All of which is to say – there is a second sequel to a beloved first book that came out this week and you should be able to find it in stores as well as on Kindle and Kobo. Best of luck everyone…
Happy first Wednesday of the month, and usually this would be where I publish my Quick Reviews for May. However, I have read a bunch of mysteries of various types that either came out yesterday, today or are coming out tomorrow and so I’m saving the quick reviews for another Wednesday and giving you a quick review round up for them. Why isn’t this just the May Quick Reviews repurposed? Well because I read one of them in April…
Played to Death by Mike Ripley*
This is quite a hard one to describe, because it’s told by four unreliable narrators, but I’m going to give it a go. A new murder mystery play is being put on by the Hopewell Players but there are some… concerns.
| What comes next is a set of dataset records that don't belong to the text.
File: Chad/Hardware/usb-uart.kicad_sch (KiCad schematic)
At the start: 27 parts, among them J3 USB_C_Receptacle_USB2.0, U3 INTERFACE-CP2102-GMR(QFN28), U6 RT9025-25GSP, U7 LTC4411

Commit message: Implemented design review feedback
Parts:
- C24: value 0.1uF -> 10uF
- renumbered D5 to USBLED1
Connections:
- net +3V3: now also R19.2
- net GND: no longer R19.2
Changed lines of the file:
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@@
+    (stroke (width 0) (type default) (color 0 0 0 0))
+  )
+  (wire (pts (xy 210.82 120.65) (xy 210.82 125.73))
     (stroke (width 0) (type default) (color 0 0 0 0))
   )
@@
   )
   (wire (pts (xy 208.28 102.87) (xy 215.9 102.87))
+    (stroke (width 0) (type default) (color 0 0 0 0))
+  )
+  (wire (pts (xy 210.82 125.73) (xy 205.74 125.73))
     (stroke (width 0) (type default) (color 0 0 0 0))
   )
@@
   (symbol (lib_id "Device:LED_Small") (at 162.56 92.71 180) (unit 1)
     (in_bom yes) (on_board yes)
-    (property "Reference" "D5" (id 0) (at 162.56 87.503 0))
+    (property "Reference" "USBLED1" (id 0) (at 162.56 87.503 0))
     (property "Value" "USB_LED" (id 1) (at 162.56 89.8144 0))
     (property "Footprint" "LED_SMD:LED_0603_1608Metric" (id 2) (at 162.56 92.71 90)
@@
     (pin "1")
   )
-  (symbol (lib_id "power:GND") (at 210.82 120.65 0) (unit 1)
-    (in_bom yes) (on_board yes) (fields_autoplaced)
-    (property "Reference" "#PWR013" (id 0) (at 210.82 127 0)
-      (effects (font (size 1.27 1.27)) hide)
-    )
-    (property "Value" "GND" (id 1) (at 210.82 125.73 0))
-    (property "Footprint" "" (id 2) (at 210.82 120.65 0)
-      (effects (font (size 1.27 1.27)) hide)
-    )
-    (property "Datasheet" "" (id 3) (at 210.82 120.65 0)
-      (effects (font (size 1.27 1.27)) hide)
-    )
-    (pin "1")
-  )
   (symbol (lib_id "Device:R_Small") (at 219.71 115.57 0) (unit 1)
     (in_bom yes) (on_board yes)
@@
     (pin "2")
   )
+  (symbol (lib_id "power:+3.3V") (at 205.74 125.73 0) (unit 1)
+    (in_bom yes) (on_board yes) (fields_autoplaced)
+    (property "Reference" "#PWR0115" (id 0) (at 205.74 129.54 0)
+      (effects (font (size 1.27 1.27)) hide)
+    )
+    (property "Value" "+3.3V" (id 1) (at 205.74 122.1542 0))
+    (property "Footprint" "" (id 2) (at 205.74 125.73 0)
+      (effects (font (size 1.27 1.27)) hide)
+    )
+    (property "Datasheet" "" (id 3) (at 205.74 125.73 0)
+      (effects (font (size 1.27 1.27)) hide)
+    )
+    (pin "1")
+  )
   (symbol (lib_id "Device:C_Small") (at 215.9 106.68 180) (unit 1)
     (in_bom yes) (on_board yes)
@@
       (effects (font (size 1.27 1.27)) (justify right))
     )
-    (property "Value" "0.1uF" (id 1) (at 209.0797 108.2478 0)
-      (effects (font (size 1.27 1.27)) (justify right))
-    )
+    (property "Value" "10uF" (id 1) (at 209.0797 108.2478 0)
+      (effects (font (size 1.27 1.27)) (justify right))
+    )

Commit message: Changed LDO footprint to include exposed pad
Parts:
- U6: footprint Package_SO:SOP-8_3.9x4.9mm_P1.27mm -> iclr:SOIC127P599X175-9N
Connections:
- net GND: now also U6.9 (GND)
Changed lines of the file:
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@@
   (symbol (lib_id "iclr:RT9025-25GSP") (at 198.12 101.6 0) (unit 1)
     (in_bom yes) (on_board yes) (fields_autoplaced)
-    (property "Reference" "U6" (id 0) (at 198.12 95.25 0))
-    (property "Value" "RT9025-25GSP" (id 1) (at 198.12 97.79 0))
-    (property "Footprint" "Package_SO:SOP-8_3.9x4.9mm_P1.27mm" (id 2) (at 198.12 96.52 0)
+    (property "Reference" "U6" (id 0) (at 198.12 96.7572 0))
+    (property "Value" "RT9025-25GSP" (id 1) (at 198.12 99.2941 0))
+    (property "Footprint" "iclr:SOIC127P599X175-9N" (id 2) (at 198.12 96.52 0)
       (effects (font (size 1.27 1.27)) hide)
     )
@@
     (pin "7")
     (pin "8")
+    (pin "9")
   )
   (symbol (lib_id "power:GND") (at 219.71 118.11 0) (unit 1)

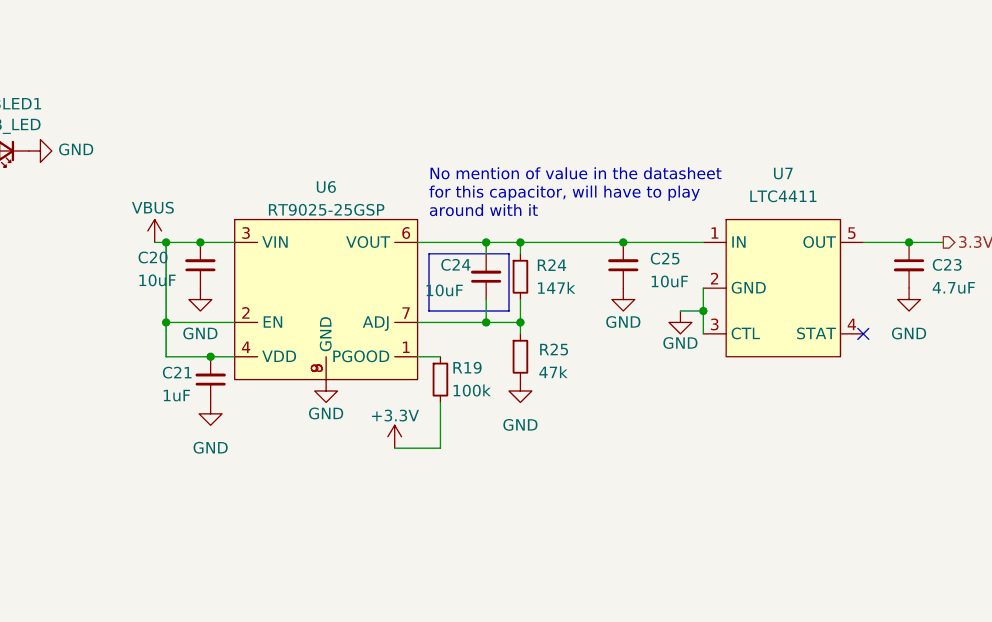
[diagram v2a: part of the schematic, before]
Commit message: change resistor values for new LDO
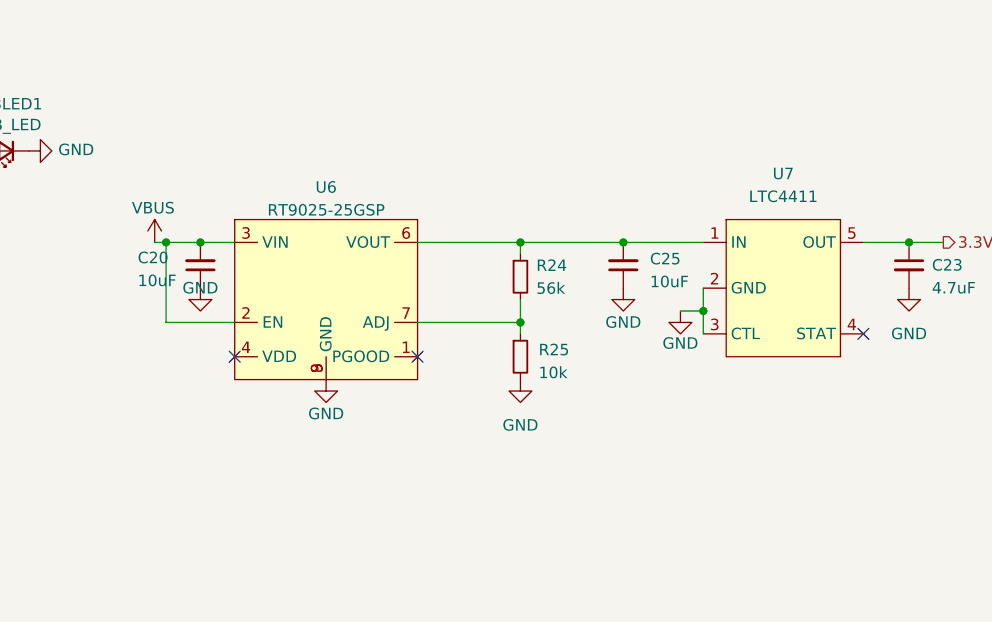
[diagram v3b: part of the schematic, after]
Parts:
- removed C21: 1uF, Capacitor_SMD:C_0603_1608Metric, symbol Device:C_Small
- removed C24: 10uF, Capacitor_SMD:C_0603_1608Metric, symbol Device:C_Small
- removed R19: 100k, Resistor_SMD:R_0603_1608Metric, symbol Device:R_Small
- R24: value 147k -> 56k
- R25: value 47k -> 10k
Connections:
- net VBUS: no longer U6.4 (VDD)
- no-connect marks 21 -> 23
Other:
- note removed: "No mention of value in the datasheet for this capacitor, will have to play around with it"
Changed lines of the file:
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@@
   (junction (at 97.79 52.07) (diameter 0) (color 0 0 0 0)
   )
-  (junction (at 185.2878 115.57) (diameter 0) (color 0 0 0 0)
-  )
   (junction (at 184.15 102.87) (diameter 0) (color 0 0 0 0)
   )
@@
   (junction (at 95.25 52.07) (diameter 0) (color 0 0 0 0)
   )
-  (junction (at 180.34 111.76) (diameter 0) (color 0 0 0 0)
-  )
   (junction (at 102.87 54.61) (diameter 0) (color 0 0 0 0)
   )
   (junction (at 219.71 102.87) (diameter 0) (color 0 0 0 0)
   )
-  (junction (at 215.9 102.87) (diameter 0) (color 0 0 0 0)
-  )
   (junction (at 111.76 44.45) (diameter 0) (color 0 0 0 0)
   )
@@
   )
   (junction (at 113.03 54.61) (diameter 0) (color 0 0 0 0)
-  )
-  (junction (at 215.9 111.76) (diameter 0) (color 0 0 0 0)
   )
   (no_connect (at 161.29 52.07))
@@
   (no_connect (at 161.29 54.61))
   (no_connect (at 115.57 116.84))
+  (no_connect (at 208.28 115.57))
+  (no_connect (at 187.96 115.57))
   (no_connect (at 135.89 26.67))
   (no_connect (at 148.59 67.31))
@@
     (stroke (width 0) (type default) (color 0 0 0 0))
   )
-  (wire (pts (xy 210.82 120.65) (xy 210.82 125.73))
-    (stroke (width 0) (type default) (color 0 0 0 0))
-  )
   (wire (pts (xy 113.03 58.42) (xy 113.03 54.61))
     (stroke (width 0) (type default) (color 0 0 0 0))
@@
     (stroke (width 0) (type default) (color 0 0 0 0))
   )
-  (polyline (pts (xy 209.55 104.14) (xy 218.44 104.14))
-    (stroke (width 0) (type default) (color 0 0 0 0))
-  )
   (wire (pts (xy 107.95 63.5) (xy 107.95 64.77))
     (stroke (width 0) (type default) (color 0 0 0 0))
   )
-  (wire (pts (xy 185.2878 115.57) (xy 187.96 115.57))
-    (stroke (width 0) (type default) (color 0 0 0 0))
-  )
   (wire (pts (xy 96.52 127) (xy 96.52 130.81))
     (stroke (width 0) (type default) (color 0 0 0 0))
@@
     (stroke (width 0) (type default) (color 0 0 0 0))
   )
-  (wire (pts (xy 208.28 111.76) (xy 215.9 111.76))
-    (stroke (width 0) (type default) (color 0 0 0 0))
-  )
   (wire (pts (xy 115.57 102.87) (xy 115.57 101.6))
     (stroke (width 0) (type default) (color 0 0 0 0))
   )
-  (wire (pts (xy 180.34 111.76) (xy 180.34 115.57))
-    (stroke (width 0) (type default) (color 0 0 0 0))
-  )
-  (wire (pts (xy 180.34 115.57) (xy 185.2878 115.57))
-    (stroke (width 0) (type default) (color 0 0 0 0))
-  )
   (wire (pts (xy 115.57 102.87) (xy 116.84 102.87))
     (stroke (width 0) (type default) (color 0 0 0 0))
@@
     (stroke (width 0) (type default) (color 0 0 0 0))
   )
-  (wire (pts (xy 215.9 102.87) (xy 219.71 102.87))
+  (wire (pts (xy 208.28 102.87) (xy 219.71 102.87))
     (stroke (width 0) (type default) (color 0 0 0 0))
   )
@@
     (stroke (width 0) (type default) (color 0 0 0 0))
   )
-  (wire (pts (xy 208.28 115.57) (xy 210.82 115.57))
-    (stroke (width 0) (type default) (color 0 0 0 0))
-  )
-  (wire (pts (xy 215.9 111.76) (xy 219.71 111.76))
+  (wire (pts (xy 208.28 111.76) (xy 219.71 111.76))
     (stroke (width 0) (type default) (color 0 0 0 0))
   )
@@
     (stroke (width 0) (type default) (color 0 0 0 0))
   )
-  (wire (pts (xy 215.9 102.87) (xy 215.9 104.14))
-    (stroke (width 0) (type default) (color 0 0 0 0))
-  )
   (wire (pts (xy 115.57 93.98) (xy 120.65 93.98))
     (stroke (width 0) (type default) (color 0 0 0 0))
@@
     (stroke (width 0) (type default) (color 0 0 0 0))
   )
-  (wire (pts (xy 208.28 102.87) (xy 215.9 102.87))
-    (stroke (width 0) (type default) (color 0 0 0 0))
-  )
-  (wire (pts (xy 210.82 125.73) (xy 205.74 125.73))
-    (stroke (width 0) (type default) (color 0 0 0 0))
-  )
   (wire (pts (xy 133.35 26.67) (xy 133.35 19.05))
     (stroke (width 0) (type default) (color 0 0 0 0))
   )
-  (polyline (pts (xy 218.44 110.49) (xy 218.44 104.14))
-    (stroke (width 0) (type default) (color 0 0 0 0))
-  )
-  (polyline (pts (xy 209.55 110.49) (xy 218.44 110.49))
-    (stroke (width 0) (type default) (color 0 0 0 0))
-  )
   (wire (pts (xy 184.15 102.87) (xy 187.96 102.87))
     (stroke (width 0) (type default) (color 0 0 0 0))
@@
     (stroke (width 0) (type default) (color 0 0 0 0))
   )
-  (polyline (pts (xy 209.55 104.14) (xy 209.55 110.49))
-    (stroke (width 0) (type default) (color 0 0 0 0))
-  )
   (wire (pts (xy 115.57 106.68) (xy 115.57 107.95))
     (stroke (width 0) (type default) (color 0 0 0 0))
@@
     (stroke (width 0) (type default) (color 0 0 0 0))
   )
-  (wire (pts (xy 215.9 109.22) (xy 215.9 111.76))
-    (stroke (width 0) (type default) (color 0 0 0 0))
-  )
   (wire (pts (xy 118.11 99.06) (xy 120.65 99.06))
     (stroke (width 0) (type default) (color 0 0 0 0))
@@
   (wire (pts (xy 44.45 99.06) (xy 52.07 99.06))
     (stroke (width 0) (type default) (color 0 0 0 0))
-  )
-  (text "No mention of value in the datasheet \nfor this capacitor, will have to play\naround with it\n"
-    (at 209.55 100.33 0)
-    (effects (font (size 1.27 1.27)) (justify left bottom))
   )
   (label "Data+" (at 134.62 134.62 90)
@@
     (pin "2")
   )
-  (symbol (lib_id "Device:R_Small") (at 210.82 118.11 0) (unit 1)
-    (in_bom yes) (on_board yes)
-    (property "Reference" "R19" (id 0) (at 212.09 116.84 0)
-      (effects (font (size 1.27 1.27)) (justify left))
-    )
-    (property "Value" "100k" (id 1) (at 212.09 119.38 0)
-      (effects (font (size 1.27 1.27)) (justify left))
-    )
-    (property "Footprint" "Resistor_SMD:R_0603_1608Metric" (id 2) (at 210.82 118.11 0)
-      (effects (font (size 1.27 1.27)) hide)
-    )
-    (property "Datasheet" "~" (id 3) (at 210.82 118.11 0)
-      (effects (font (size 1.27 1.27)) hide)
-    )
-    (pin "1")
-    (pin "2")
-  )
   (symbol (lib_id "Device:R_Small") (at 128.27 69.85 90) (unit 1)
     (in_bom yes) (on_board yes)
@@
     (pin "2")
   )
-  (symbol (lib_id "power:GND") (at 185.2878 120.65 0) (unit 1)
-    (in_bom yes) (on_board yes) (fields_autoplaced)
-    (property "Reference" "#PWR08" (id 0) (at 185.2878 127 0)
-      (effects (font (size 1.27 1.27)) hide)
-    )
-    (property "Value" "GND" (id 1) (at 185.2878 125.73 0))
-    (property "Footprint" "" (id 2) (at 185.2878 120.65 0)
-      (effects (font (size 1.27 1.27)) hide)
-    )
-    (property "Datasheet" "" (id 3) (at 185.2878 120.65 0)
-      (effects (font (size 1.27 1.27)) hide)
-    )
-    (pin "1")
-  )
   (symbol (lib_id "power:VBUS") (at 123.19 69.85 0) (unit 1)
     (in_bom yes) (on_board yes)
@@
     (pin "1")
   )
-  (symbol (lib_id "Device:C_Small") (at 185.2878 118.11 180) (unit 1)
-    (in_bom yes) (on_board yes)
-    (property "Reference" "C21" (id 0) (at 179.8846 117.3862 0)
-      (effects (font (size 1.27 1.27)) (justify right))
-    )
-    (property "Value" "1uF" (id 1) (at 179.8846 119.9262 0)
-      (effects (font (size 1.27 1.27)) (justify right))
-    )
-    (property "Footprint" "Capacitor_SMD:C_0603_1608Metric" (id 2) (at 185.2878 118.11 0)
-      (effects (font (size 1.27 1.27)) hide)
-    )
-    (property "Datasheet" "~" (id 3) (at 185.2878 118.11 0)
-      (effects (font (size 1.27 1.27)) hide)
-    )
-    (pin "1")
-    (pin "2")
-  )
   (symbol (lib_id "power:GND") (at 237.49 110.49 0) (unit 1)
     (in_bom yes) (on_board yes)
@@
       (effects (font (size 1.27 1.27)) (justify left))
     )
-    (property "Value" "47k" (id 1) (at 221.724 117.3597 0)
+    (property "Value" "10k" (id 1) (at 221.724 117.3597 0)
       (effects (font (size 1.27 1.27)) (justify left))
     )
@@
       (effects (font (size 1.27 1.27)) (justify left))
     )
-    (property "Value" "147k" (id 1) (at 221.4667 107.9905 0)
+    (property "Value" "56k" (id 1) (at 221.4667 107.9905 0)
       (effects (font (size 1.27 1.27)) (justify left))
     )
@@
     (pin "2")
   )
-  (symbol (lib_id "power:+3.3V") (at 205.74 125.73 0) (unit 1)
-    (in_bom yes) (on_board yes) (fields_autoplaced)
-    (property "Reference" "#PWR0115" (id 0) (at 205.74 129.54 0)
-      (effects (font (size 1.27 1.27)) hide)
-    )
-    (property "Value" "+3.3V" (id 1) (at 205.74 122.1542 0))
-    (property "Footprint" "" (id 2) (at 205.74 125.73 0)
-      (effects (font (size 1.27 1.27)) hide)
-    )
-    (property "Datasheet" "" (id 3) (at 205.74 125.73 0)
-      (effects (font (size 1.27 1.27)) hide)
-    )
-    (pin "1")
-  )
-  (symbol (lib_id "Device:C_Small") (at 215.9 106.68 180) (unit 1)
-    (in_bom yes) (on_board yes)
-    (property "Reference" "C24" (id 0) (at 210.82 105.41 0)
-      (effects (font (size 1.27 1.27)) (justify right))
-    )
-    (property "Value" "10uF" (id 1) (at 209.0797 108.2478 0)
-      (effects (font (size 1.27 1.27)) (justify right))
-    )
-    (property "Footprint" "Capacitor_SMD:C_0603_1608Metric" (id 2) (at 215.9 106.68 0)
-      (effects (font (size 1.27 1.27)) hide)
-    )
-    (property "Datasheet" "~" (id 3) (at 215.9 106.68 0)
-      (effects (font (size 1.27 1.27)) hide)
-    )
-    (pin "1")
-    (pin "2")
-  )
   (symbol (lib_id "power:GND") (at 262.89 107.95 0) (unit 1)
     (in_bom yes) (on_board yes) (fields_autoplaced)
@@
   )
   (symbol (lib_id "power:GND") (at 184.15 107.95 0) (unit 1)
-    (in_bom yes) (on_board yes) (fields_autoplaced)
+    (in_bom yes) (on_board yes)
     (property "Reference" "#PWR05" (id 0) (at 184.15 114.3 0)
       (effects (font (size 1.27 1.27)) hide)
     )
-    (property "Value" "GND" (id 1) (at 184.15 113.03 0))
+    (property "Value" "GND" (id 1) (at 184.15 107.95 0))
     (property "Footprint" "" (id 2) (at 184.15 107.95 0)
       (effects (font (size 1.27 1.27)) hide)

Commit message: Chad V2
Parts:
- U6: value RT9025-25GSP -> SC2416H
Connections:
- net GND: now also U3.29 (GND@1)
- no-connect marks 23 -> 22
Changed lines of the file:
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@@
   (no_connect (at 146.05 26.67))
   (no_connect (at 161.29 41.91))
-  (no_connect (at 130.81 26.67))
   (no_connect (at 161.29 44.45))
   (no_connect (at 115.57 119.38))
@@
     (in_bom yes) (on_board yes) (fields_autoplaced)
     (property "Reference" "U6" (id 0) (at 198.12 96.7572 0))
-    (property "Value" "RT9025-25GSP" (id 1) (at 198.12 99.2941 0))
+    (property "Value" "SC2416H" (id 1) (at 198.12 99.2941 0))
     (property "Footprint" "iclr:SOIC127P599X175-9N" (id 2) (at 198.12 96.52 0)
       (effects (font (size 1.27 1.27)) hide)
@@
       (effects (font (size 1.27 1.27)) hide)
     )
+    (pin "1")
+  )
+  (symbol (lib_id "power:GND") (at 130.81 26.67 180) (unit 1)
+    (in_bom yes) (on_board yes) (fields_autoplaced)
+    (property "Reference" "#PWR0115" (id 0) (at 130.81 20.32 0)
+      (effects (font (size 1.27 1.27)) hide)
+    )
+    (property "Value" "GND" (id 1) (at 130.81 23.0942 0))
+    (property "Footprint" "" (id 2) (at 130.81 26.67 0)
+      (effects (font (size 1.27 1.27)) hide)
+    )
+    (property "Datasheet" "" (id 3) (at 130.81 26.67 0)
+      (effects (font (size 1.27 1.27)) hide)
+    )

Pantomime Dame and local solicitor Adam Cunningham consults a local librarian (and former crime fiction editor) because he thinks it’s ripping of a lot of Golden Age mysteries. The author of said play is the producer’s father but the future of the production is in doubt when one of the actors is found dead on stage. This is written by Mike Ripley, who also wrote a number of Campion continuation novels and he’s very much using his knowledge of Golden Age mysteries in this, but with a great twist with the shifting narration. I particularly enjoyed the footnotes about which books the various bits of plot had been lifted from. I read this in one day (not quite in one sitting) and immediately went off to read one of the aforementioned Campion continuations after I discovered that his other book featuring Roly the Librarian isn’t available on Kindle. The good news is that this is – and also that it’s out today and included in Kindle Unlimited.
The French Market Murder by Greg Mosse*
This is the third book in Greg Mosse’s series set around a bookshop in a small town in Provence. The first in the series was a BotW not that long ago and I’ve read book two since then as well, but I think I actually liked this the most of the three in terms of writing style and the regular characters but I found the solution to the mystery pretty predictable – I figured out most of it pretty quickly after the body was found, which actually happened quite late on for a murder mystery. But I do really like the setting and set up for this and would happily read more, and every time I read one I think that I should go and read his other series which features a much younger Zoe as a side character to the main sleuth, although without reading them it’s hard to tell how prominent she is but they get plenty of references in these! I really do fancy a holiday to Provence now though…
A Ghost Hunter’s Guide to Catching a Killer by F H Petford*
This is the follow up to 2025’s A Ghost Hunter’s Guide to Solving a Murder which was also a BotW. We rejoin Alma at the gang at the Timperley shortly after the conclusion of that book – and as a warning, if you haven’t read the first book you will find out who did it if you read this one so plan your reading accordingly – and things seem to be going well. Well that is until a guest is found dead in their bed. With the police short-staffed because of officers signing up to fight, Alma is asked to help with the investigation and she’s very willing as the circumstances suggest that the killer may be inside the hotel. The mystery in this is good, and I liked the widening of the group around Alma as well. I’m not really into spiritualism or ghosts, but these are at the end of the ghostly spectrum that I can get on board with. I read this very quickly (across about 36 hours) and I’m so pleased that there’s already a third book planned that I have it pre-ordered already. If you haven’t read book one – and bearing in mind my warnings above you should before you read this – that one is in Kindle Unlimited at the moment if you have that.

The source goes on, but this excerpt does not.